Zhaohua Temple (昭化寺; ) was originally constructed during the rule of the Ming dynasty, and was frequently used as a place for public celebration. Located in Huai'an, Zhangjiakou, Hebei Province, China, the Zhaohua Temple extends to over 3,820 square meters. The Temple has various rooms with a variety of functions. The Temple consists of the Mahavira Hall, several gates, bell, drum towers, and sacred halls where devotees can still worship the traditional Chinese gods. The temple is most famous for its frescoes, which are said to have been painted by the folk artist Rén Cháo (Chinese: 任朝). The frescoes cover more than 150 square meters of the temple and feature more than 500 different characters. They refer to almost all of the central gods in Buddhism and Taoism. The temple has been declared a state-protected cultural relic.

== History ==

Construction of the temple began in 1397 during the time of the Ming dynasty with expansion and rebuilding occurring during Ming Zheng Tong's reign (AD 1436). This expansion transformed the temple into a spectacular Buddhist shrine, and earned it the name "Zhaohua Temple" in recognition of its architectural and spiritual significance.

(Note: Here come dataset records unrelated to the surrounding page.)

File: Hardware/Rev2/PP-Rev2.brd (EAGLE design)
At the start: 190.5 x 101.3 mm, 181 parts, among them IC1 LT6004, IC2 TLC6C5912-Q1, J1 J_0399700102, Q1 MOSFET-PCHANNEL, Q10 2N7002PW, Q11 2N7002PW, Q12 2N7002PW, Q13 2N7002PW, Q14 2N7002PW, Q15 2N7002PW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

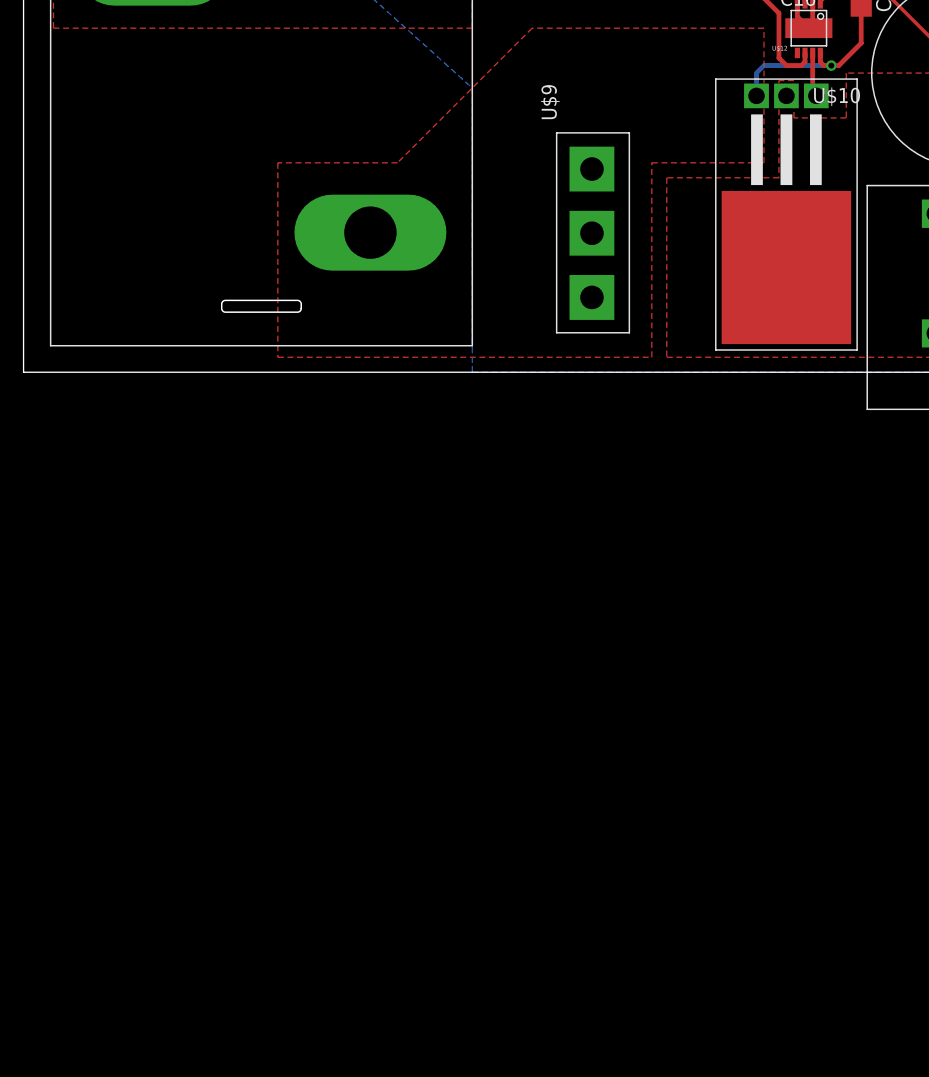
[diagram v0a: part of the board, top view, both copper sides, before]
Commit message: Changing out charger MOSFET to proper component
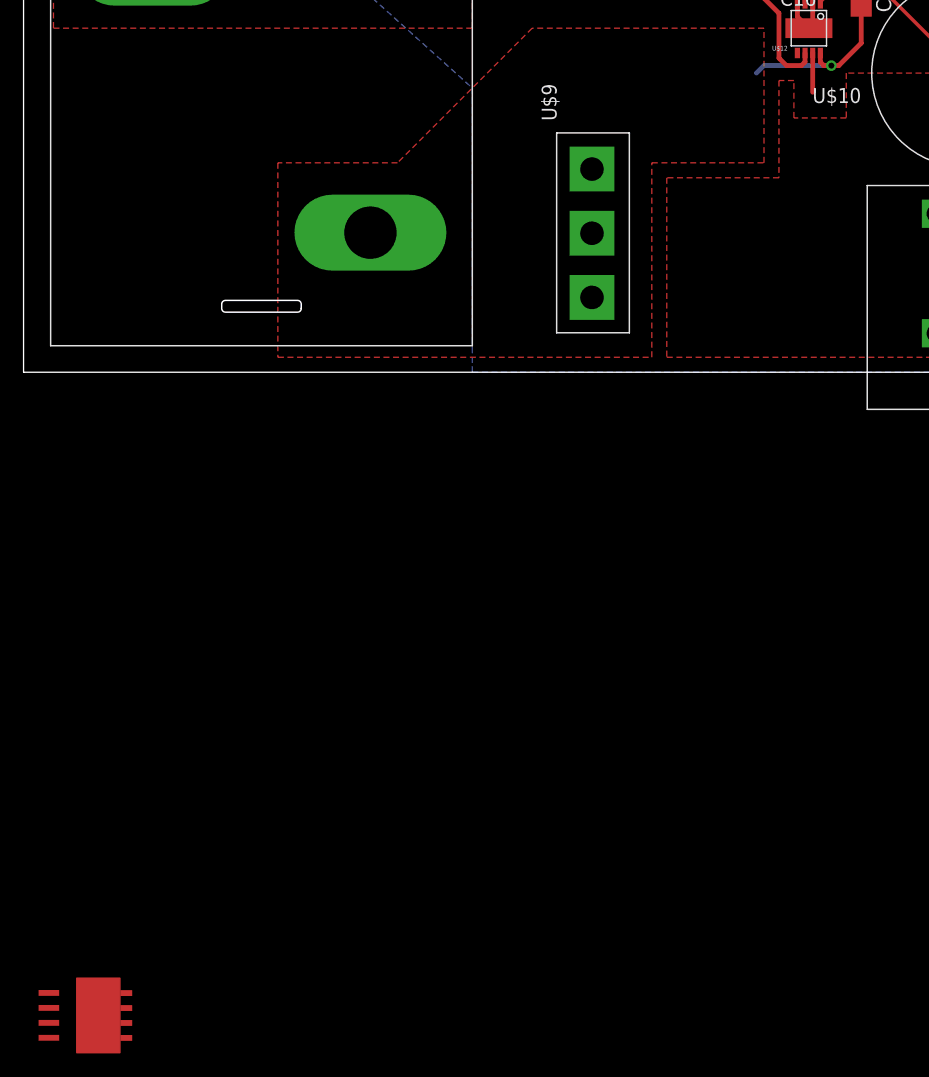
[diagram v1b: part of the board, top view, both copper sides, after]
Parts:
- removed Q9: CSD18532, PCB0M1:TO-220-FLAT
- added U$16: IRFH7191, 2016PowerPackLibraries:PQFN5X6B
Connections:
- net CHARGER+: now also U$16.P$5, U$16.P$6, U$16.P$7, U$16.P$8; no longer Q9.2, Q9.4
- net N$39: now also U$16.P$1, U$16.P$2, U$16.P$3; no longer Q9.3
- net N$40: now also U$16.P$4; no longer Q9.1
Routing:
- net N$39: track 16.8 -> 14.8 mm
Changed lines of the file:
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@@
 <?xml version="1.0" encoding="utf-8"?>
 <!DOCTYPE eagle SYSTEM "eagle.dtd">
-<eagle version="7.1.0">
+<eagle version="6.5.0">
 <drawing>
 <settings>
@@
 <pass name="Default">
 <param name="RoutingGrid" value="50mil"/>
-<param name="AutoGrid" value="1"/>
-<param name="Efforts" value="0"/>
-<param name="TopRouterVariant" value="1"/>
 <param name="tpViaShape" value="round"/>
 <param name="PrefDir.1" value="|"/>
@@
 <element name="U$7" library="MRDT-2015-PowerBoard" package="C_16MM" value="C_108CKH050M" x="11.43" y="54.61"/>
 <element name="U$9" library="2016PowerPackLibraries" package="TO-247-VERT" value="D-STTH60P03SW" x="48.26" y="6.35" rot="R90"/>
-<element name="Q9" library="PCB0M1" package="TO-220-FLAT" value="CSD18532" x="64.77" y="8.89" rot="R180"/>
 <element name="U$10" library="MRDT-2015-PowerBoard" package="C_16MM" value="C_108CKH050M" x="80.01" y="25.4" rot="R180"/>
 <element name="U$11" library="MRDT-2015-PowerBoard" package="C_16MM" value="C_108CKH050M" x="97.79" y="27.305" rot="R180"/>
@@
 <element name="U$15" library="MAX3077" package="MAX3070E" value="MAX3077" x="179.705" y="47.625"/>
 <element name="J1" library="MRDT-2014-All" package="J_2CONHC" value="J_0399700102" x="82.55" y="6.35"/>
+<element name="U$16" library="2016PowerPackLibraries" package="PQFN5X6B" value="IRFH7191" x="6.35" y="-54.61"/>
 </elements>
 <signals>
@@
 </signal>
 <signal name="CHARGER+">
-<contactref element="Q9" pad="4"/>
-<contactref element="Q9" pad="2"/>
 <contactref element="U$10" pad="+"/>
 <contactref element="U$11" pad="+"/>
@@
 <wire x1="100.33" y1="21.59" x2="97.85" y2="21.59" width="0.3048" layer="16"/>
 <wire x1="97.85" y1="21.59" x2="97.79" y2="23.555" width="0.3048" layer="16"/>
+<contactref element="U$16" pad="P$5"/>
+<contactref element="U$16" pad="P$6"/>
+<contactref element="U$16" pad="P$7"/>
+<contactref element="U$16" pad="P$8"/>
+<wire x1="80.01" y1="21.65" x2="97.85" y2="21.59" width="0" layer="19" extent="16-16"/>
+<wire x1="77.47" y1="13.46" x2="80.01" y2="21.65" width="0" layer="19" extent="1-1"/>
+<wire x1="77.47" y1="3.3" x2="77.47" y2="13.46" width="0" layer="19" extent="1-1"/>
+<wire x1="8.725" y1="-52.71" x2="77.47" y2="3.3" width="0" layer="19" extent="1-1"/>
+<wire x1="8.725" y1="-53.98" x2="8.725" y2="-52.71" width="0" layer="19" extent="1-1"/>
+<wire x1="8.725" y1="-55.25" x2="8.725" y2="-53.98" width="0" layer="19" extent="1-1"/>
+<wire x1="8.725" y1="-56.52" x2="8.725" y2="-55.25" width="0" layer="19" extent="1-1"/>
 </signal>
 <signal name="V_CHECK_CHARGER_IN">
@@
 <contactref element="U$5" pad="P$2"/>
 <contactref element="U$9" pad="P$2"/>
-<contactref element="Q9" pad="3"/>
 <polygon width="1.016" layer="1" thermals="no">
 <vertex x="62.865" y="17.78"/>
@@
 <wire x1="68.58" y1="26.035" x2="62.865" y2="26.035" width="0.4064" layer="16"/>
 <wire x1="62.865" y1="26.035" x2="62.23" y2="25.4" width="0.4064" layer="16"/>
-<wire x1="62.23" y1="25.4" x2="62.23" y2="23.46" width="0.4064" layer="16"/>
+<contactref element="U$16" pad="P$1"/>
+<contactref element="U$16" pad="P$2"/>
+<contactref element="U$16" pad="P$3"/>
+<wire x1="48.26" y1="11.8" x2="62.23" y2="25.4" width="0" layer="19" extent="16-16"/>
+<wire x1="29.45" y1="11.85" x2="48.26" y2="11.8" width="0" layer="19" extent="1-1"/>
+<wire x1="2.15" y1="-52.7" x2="29.45" y2="11.85" width="0" layer="19" extent="1-1"/>
+<wire x1="2.15" y1="-53.97" x2="2.15" y2="-52.7" width="0" layer="19" extent="1-1"/>
+<wire x1="2.15" y1="-55.24" x2="2.15" y2="-53.97" width="0" layer="19" extent="1-1"/>
 </signal>
 <signal name="N$40">
 <contactref element="U$12" pad="P$7"/>
-<contactref element="Q9" pad="1"/>
 <wire x1="67" y1="27.1045" x2="67" y2="23.77" width="0.4064" layer="1"/>
-<wire x1="67" y1="23.77" x2="67.31" y2="23.46" width="0.4064" layer="1"/>
+<contactref element="U$16" pad="P$4"/>
+<wire x1="2.15" y1="-56.51" x2="67" y2="23.77" width="0" layer="19" extent="1-1"/>
 </signal>
 <signal name="CHARGER_CTL">

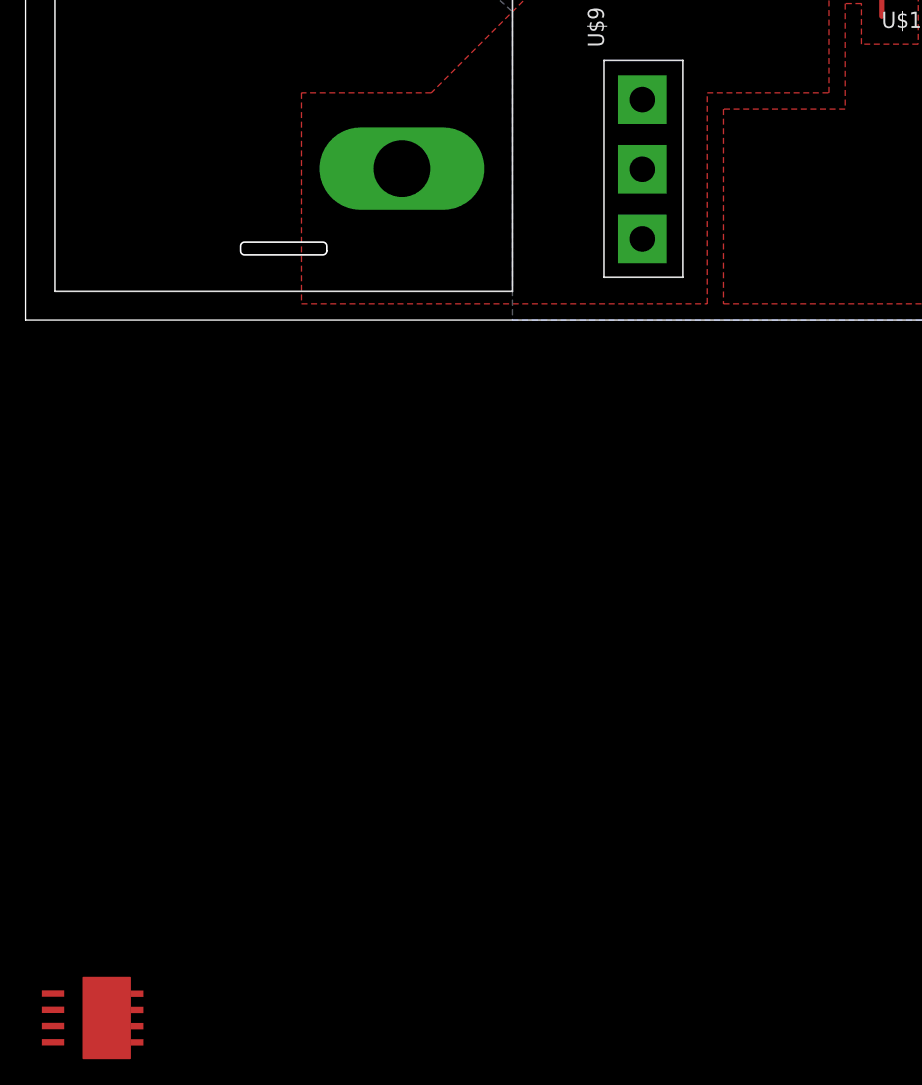
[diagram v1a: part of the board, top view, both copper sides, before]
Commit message: Complete SPICE sim for 90% duty cycle case. Updated Eagle files with proper MOSFET
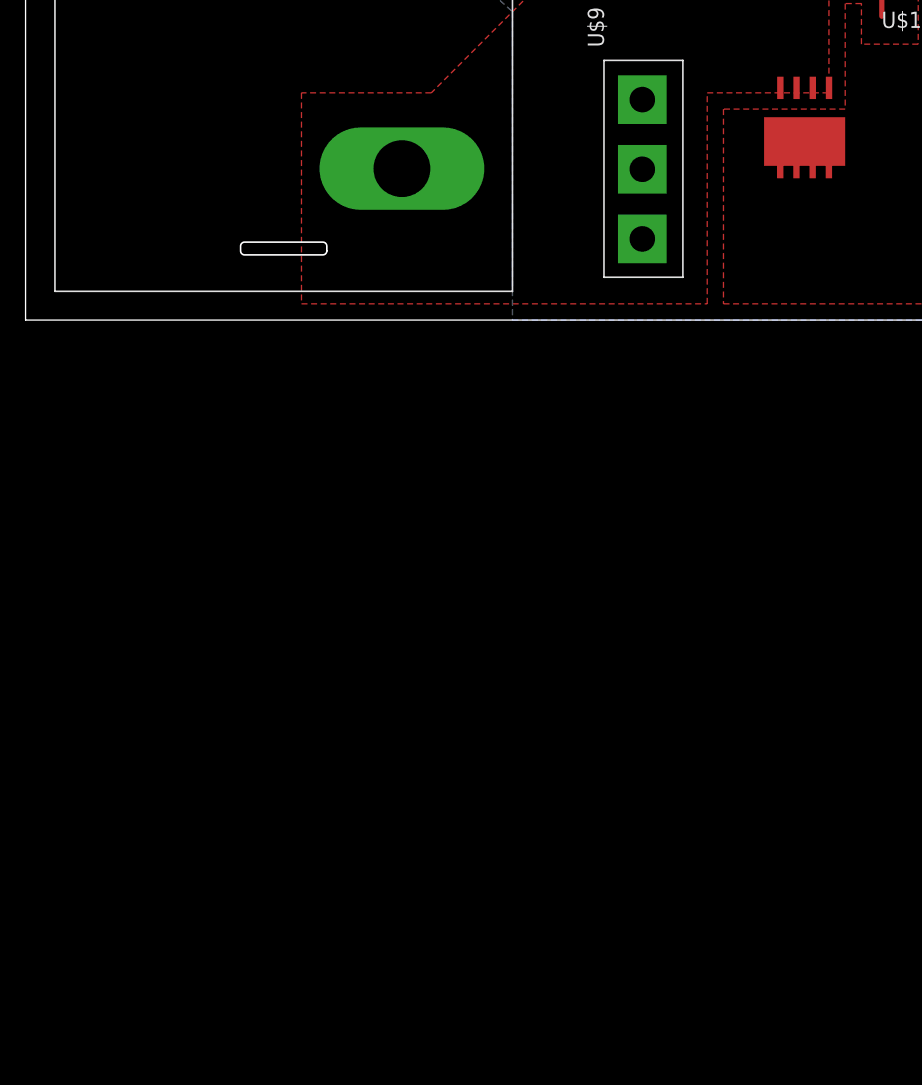
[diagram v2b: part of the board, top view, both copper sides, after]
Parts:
- moved U$16 87.7 mm to (61.0, 14.0), turned to 270 degrees
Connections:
- net CHARGER+: now also U$16.P$9
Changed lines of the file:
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@@
 <element name="U$15" library="MAX3077" package="MAX3070E" value="MAX3077" x="179.705" y="47.625"/>
 <element name="J1" library="MRDT-2014-All" package="J_2CONHC" value="J_0399700102" x="82.55" y="6.35"/>
-<element name="U$16" library="2016PowerPackLibraries" package="PQFN5X6B" value="IRFH7191" x="6.35" y="-54.61"/>
+<element name="U$16" library="2016PowerPackLibraries" package="PQFN5X6B" value="IRFH7191" x="60.96" y="13.97" rot="R270"/>
 </elements>
 <signals>
@@
 <contactref element="U$16" pad="P$7"/>
 <contactref element="U$16" pad="P$8"/>
-<wire x1="80.01" y1="21.65" x2="97.85" y2="21.59" width="0" layer="19" extent="16-16"/>
-<wire x1="77.47" y1="13.46" x2="80.01" y2="21.65" width="0" layer="19" extent="1-1"/>
-<wire x1="77.47" y1="3.3" x2="77.47" y2="13.46" width="0" layer="19" extent="1-1"/>
-<wire x1="8.725" y1="-52.71" x2="77.47" y2="3.3" width="0" layer="19" extent="1-1"/>
-<wire x1="8.725" y1="-53.98" x2="8.725" y2="-52.71" width="0" layer="19" extent="1-1"/>
-<wire x1="8.725" y1="-55.25" x2="8.725" y2="-53.98" width="0" layer="19" extent="1-1"/>
-<wire x1="8.725" y1="-56.52" x2="8.725" y2="-55.25" width="0" layer="19" extent="1-1"/>
+<contactref element="U$16" pad="P$9"/>
 </signal>
 <signal name="V_CHECK_CHARGER_IN">
@@
 <contactref element="U$16" pad="P$2"/>
 <contactref element="U$16" pad="P$3"/>
-<wire x1="48.26" y1="11.8" x2="62.23" y2="25.4" width="0" layer="19" extent="16-16"/>
-<wire x1="29.45" y1="11.85" x2="48.26" y2="11.8" width="0" layer="19" extent="1-1"/>
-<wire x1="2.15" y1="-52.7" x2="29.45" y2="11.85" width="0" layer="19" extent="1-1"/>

The structure is made from a combination of stone and brick, but also includes magnificent wooden structures. The various halls, such as King Hall, are richly decorated with glass tiles, ridges, cornices and even gold. Within the 248.5 square meters of the main hall of the Zhaohua Temple building are a number of vast paintings of armoured generals such as Qin Shubao of the Tang dynasty and Yuchi Gong. The rear wall of the Hall is over 36 square meters and painted with murals in the form of comics, vividly portraying characters from Buddhism, Taoism, Confucianism gods, and the human Empress Baiguan.

In 1930, a Norwegian painter discovered the Zhaohua Temple mural and made copies of all the murals.